* **ABOUT THIS EXERCISE**
Read the listing below and copy out every line that holds "Aesthetics".

BEGIN

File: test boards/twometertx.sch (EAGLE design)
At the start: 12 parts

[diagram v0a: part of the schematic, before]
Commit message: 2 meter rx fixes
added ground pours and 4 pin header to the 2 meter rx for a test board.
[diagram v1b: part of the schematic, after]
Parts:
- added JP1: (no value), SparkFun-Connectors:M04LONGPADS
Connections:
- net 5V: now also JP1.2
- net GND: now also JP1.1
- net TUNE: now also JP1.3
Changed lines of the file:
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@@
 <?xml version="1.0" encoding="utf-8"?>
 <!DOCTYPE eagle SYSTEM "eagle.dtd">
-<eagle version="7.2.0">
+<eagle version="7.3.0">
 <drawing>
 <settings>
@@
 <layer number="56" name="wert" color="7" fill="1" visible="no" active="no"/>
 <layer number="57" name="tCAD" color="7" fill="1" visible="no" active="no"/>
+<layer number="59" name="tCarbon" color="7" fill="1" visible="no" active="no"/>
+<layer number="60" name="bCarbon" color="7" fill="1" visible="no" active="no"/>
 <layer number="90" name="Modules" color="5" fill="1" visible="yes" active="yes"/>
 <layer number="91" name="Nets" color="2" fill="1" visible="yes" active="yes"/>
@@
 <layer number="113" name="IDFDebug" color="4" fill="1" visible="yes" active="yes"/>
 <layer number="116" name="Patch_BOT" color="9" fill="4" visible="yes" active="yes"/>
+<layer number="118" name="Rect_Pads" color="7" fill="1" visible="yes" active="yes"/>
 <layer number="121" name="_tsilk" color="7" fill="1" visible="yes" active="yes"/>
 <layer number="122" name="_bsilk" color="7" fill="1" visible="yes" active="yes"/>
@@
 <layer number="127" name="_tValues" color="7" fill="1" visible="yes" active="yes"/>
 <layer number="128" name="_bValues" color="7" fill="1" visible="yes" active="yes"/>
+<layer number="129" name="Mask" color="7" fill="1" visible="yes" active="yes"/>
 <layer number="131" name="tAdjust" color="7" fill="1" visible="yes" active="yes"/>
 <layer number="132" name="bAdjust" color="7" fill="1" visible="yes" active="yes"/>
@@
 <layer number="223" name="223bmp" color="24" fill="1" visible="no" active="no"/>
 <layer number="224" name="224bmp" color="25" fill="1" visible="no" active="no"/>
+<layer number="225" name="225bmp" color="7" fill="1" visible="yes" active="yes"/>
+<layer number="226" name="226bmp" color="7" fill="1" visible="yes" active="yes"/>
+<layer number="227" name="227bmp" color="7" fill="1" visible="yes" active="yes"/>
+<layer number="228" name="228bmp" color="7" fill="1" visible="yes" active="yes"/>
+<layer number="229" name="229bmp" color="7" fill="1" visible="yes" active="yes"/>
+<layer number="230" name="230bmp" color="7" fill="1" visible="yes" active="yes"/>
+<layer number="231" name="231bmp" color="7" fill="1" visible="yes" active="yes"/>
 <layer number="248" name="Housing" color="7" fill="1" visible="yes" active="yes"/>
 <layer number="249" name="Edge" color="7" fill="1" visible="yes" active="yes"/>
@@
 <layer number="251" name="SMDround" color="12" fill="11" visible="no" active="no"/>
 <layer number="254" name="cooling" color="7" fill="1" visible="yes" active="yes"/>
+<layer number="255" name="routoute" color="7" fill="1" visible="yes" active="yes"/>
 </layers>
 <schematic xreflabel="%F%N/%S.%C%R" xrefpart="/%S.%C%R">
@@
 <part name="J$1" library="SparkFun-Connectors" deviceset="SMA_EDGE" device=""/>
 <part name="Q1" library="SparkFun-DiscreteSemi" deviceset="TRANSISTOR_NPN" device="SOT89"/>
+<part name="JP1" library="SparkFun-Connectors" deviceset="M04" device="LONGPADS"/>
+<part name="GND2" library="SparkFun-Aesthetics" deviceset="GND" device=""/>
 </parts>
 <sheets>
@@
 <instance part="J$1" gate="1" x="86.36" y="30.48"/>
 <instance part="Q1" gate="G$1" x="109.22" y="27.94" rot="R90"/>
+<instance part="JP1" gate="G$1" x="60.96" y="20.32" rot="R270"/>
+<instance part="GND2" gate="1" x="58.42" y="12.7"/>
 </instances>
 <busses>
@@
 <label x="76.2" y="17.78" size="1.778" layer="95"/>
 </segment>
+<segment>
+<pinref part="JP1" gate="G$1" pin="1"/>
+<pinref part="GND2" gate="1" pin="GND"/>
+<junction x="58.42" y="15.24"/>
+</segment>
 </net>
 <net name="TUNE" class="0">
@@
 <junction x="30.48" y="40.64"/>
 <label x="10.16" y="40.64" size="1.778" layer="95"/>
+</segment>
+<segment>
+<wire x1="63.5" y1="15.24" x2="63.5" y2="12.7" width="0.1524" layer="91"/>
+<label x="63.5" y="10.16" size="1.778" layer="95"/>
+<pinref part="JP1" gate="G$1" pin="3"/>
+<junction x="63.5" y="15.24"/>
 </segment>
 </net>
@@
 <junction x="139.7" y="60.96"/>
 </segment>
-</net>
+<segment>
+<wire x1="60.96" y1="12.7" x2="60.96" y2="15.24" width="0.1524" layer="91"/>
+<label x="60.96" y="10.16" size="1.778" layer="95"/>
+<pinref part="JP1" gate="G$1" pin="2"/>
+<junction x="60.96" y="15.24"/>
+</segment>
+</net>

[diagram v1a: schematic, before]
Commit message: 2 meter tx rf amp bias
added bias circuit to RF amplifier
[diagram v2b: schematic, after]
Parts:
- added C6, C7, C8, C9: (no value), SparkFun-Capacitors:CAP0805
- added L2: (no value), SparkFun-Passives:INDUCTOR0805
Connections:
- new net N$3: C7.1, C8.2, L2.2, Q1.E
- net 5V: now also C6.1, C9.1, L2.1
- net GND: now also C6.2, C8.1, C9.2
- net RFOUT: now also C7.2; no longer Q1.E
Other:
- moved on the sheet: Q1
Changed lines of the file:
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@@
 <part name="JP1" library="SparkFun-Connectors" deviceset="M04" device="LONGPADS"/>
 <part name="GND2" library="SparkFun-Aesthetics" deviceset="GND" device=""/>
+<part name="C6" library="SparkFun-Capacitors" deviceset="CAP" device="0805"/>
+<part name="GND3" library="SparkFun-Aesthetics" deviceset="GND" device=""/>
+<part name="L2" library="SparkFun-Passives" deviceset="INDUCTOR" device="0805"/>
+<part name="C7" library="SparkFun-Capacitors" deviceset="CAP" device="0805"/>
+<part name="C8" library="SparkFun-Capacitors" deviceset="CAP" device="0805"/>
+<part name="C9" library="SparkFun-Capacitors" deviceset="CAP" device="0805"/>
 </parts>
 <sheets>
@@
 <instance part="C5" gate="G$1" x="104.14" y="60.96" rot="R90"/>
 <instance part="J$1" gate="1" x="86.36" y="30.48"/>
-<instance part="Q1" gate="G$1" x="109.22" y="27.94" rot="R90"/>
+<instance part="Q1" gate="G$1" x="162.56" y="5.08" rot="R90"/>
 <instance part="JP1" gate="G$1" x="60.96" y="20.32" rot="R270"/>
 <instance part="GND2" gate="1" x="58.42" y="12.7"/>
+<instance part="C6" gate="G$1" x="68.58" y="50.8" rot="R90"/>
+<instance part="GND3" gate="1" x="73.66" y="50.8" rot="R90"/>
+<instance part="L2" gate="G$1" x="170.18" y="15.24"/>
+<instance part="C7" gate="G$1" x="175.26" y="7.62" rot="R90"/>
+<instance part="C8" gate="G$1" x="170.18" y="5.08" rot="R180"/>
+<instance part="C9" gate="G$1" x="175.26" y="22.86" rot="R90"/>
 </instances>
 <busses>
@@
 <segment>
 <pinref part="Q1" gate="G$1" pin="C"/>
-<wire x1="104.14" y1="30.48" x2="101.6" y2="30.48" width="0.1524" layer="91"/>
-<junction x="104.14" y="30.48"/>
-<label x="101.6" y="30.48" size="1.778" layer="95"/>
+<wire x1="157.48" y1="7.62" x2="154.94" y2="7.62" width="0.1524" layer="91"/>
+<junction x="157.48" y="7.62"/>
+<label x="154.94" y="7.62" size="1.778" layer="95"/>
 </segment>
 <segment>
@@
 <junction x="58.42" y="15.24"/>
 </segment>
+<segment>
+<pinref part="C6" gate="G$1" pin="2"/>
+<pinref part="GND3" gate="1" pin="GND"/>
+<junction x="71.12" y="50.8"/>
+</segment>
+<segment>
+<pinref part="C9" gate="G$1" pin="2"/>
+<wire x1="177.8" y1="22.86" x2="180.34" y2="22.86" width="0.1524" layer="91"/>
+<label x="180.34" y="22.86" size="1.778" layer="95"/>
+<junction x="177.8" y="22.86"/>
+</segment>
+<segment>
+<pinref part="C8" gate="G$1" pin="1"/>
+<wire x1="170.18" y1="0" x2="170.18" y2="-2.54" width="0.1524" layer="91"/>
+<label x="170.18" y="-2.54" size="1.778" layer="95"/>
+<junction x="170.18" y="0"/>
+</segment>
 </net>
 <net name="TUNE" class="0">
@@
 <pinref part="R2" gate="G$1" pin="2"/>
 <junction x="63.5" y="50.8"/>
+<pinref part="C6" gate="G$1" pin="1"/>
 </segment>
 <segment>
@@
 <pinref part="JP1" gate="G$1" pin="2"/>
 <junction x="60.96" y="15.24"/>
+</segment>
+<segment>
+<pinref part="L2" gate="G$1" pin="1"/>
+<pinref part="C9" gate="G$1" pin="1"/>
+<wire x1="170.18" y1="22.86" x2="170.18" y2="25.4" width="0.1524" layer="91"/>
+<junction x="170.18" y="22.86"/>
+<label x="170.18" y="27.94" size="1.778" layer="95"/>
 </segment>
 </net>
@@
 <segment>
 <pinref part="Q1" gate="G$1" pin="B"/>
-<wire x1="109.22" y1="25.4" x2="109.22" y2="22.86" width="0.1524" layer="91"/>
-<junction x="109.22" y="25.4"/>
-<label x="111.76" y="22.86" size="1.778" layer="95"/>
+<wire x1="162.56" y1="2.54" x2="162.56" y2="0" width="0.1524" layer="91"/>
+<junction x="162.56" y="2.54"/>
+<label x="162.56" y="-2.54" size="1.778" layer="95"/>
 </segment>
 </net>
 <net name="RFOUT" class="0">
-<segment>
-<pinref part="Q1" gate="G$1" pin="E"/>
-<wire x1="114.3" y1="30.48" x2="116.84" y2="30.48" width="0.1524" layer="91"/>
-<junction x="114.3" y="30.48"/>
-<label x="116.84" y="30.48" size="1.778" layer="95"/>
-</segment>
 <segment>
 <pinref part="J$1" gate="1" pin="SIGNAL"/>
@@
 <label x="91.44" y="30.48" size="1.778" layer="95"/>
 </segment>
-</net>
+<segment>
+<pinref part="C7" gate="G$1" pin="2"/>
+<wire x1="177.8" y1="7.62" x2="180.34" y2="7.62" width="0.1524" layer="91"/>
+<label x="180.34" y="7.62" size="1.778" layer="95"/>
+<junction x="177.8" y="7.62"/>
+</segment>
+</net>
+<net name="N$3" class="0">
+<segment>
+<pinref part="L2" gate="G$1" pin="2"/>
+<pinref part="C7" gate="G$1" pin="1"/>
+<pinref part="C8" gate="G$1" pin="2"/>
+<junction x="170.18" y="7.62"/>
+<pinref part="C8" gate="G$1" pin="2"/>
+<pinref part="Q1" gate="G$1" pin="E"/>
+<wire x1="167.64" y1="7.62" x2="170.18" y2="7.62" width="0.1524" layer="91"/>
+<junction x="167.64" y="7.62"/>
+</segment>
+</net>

END

* **EXERCISE SOLUTION**
+<part name="GND2" library="SparkFun-Aesthetics" deviceset="GND" device=""/>
 <part name="GND2" library="SparkFun-Aesthetics" deviceset="GND" device=""/>
+<part name="GND3" library="SparkFun-Aesthetics" deviceset="GND" device=""/>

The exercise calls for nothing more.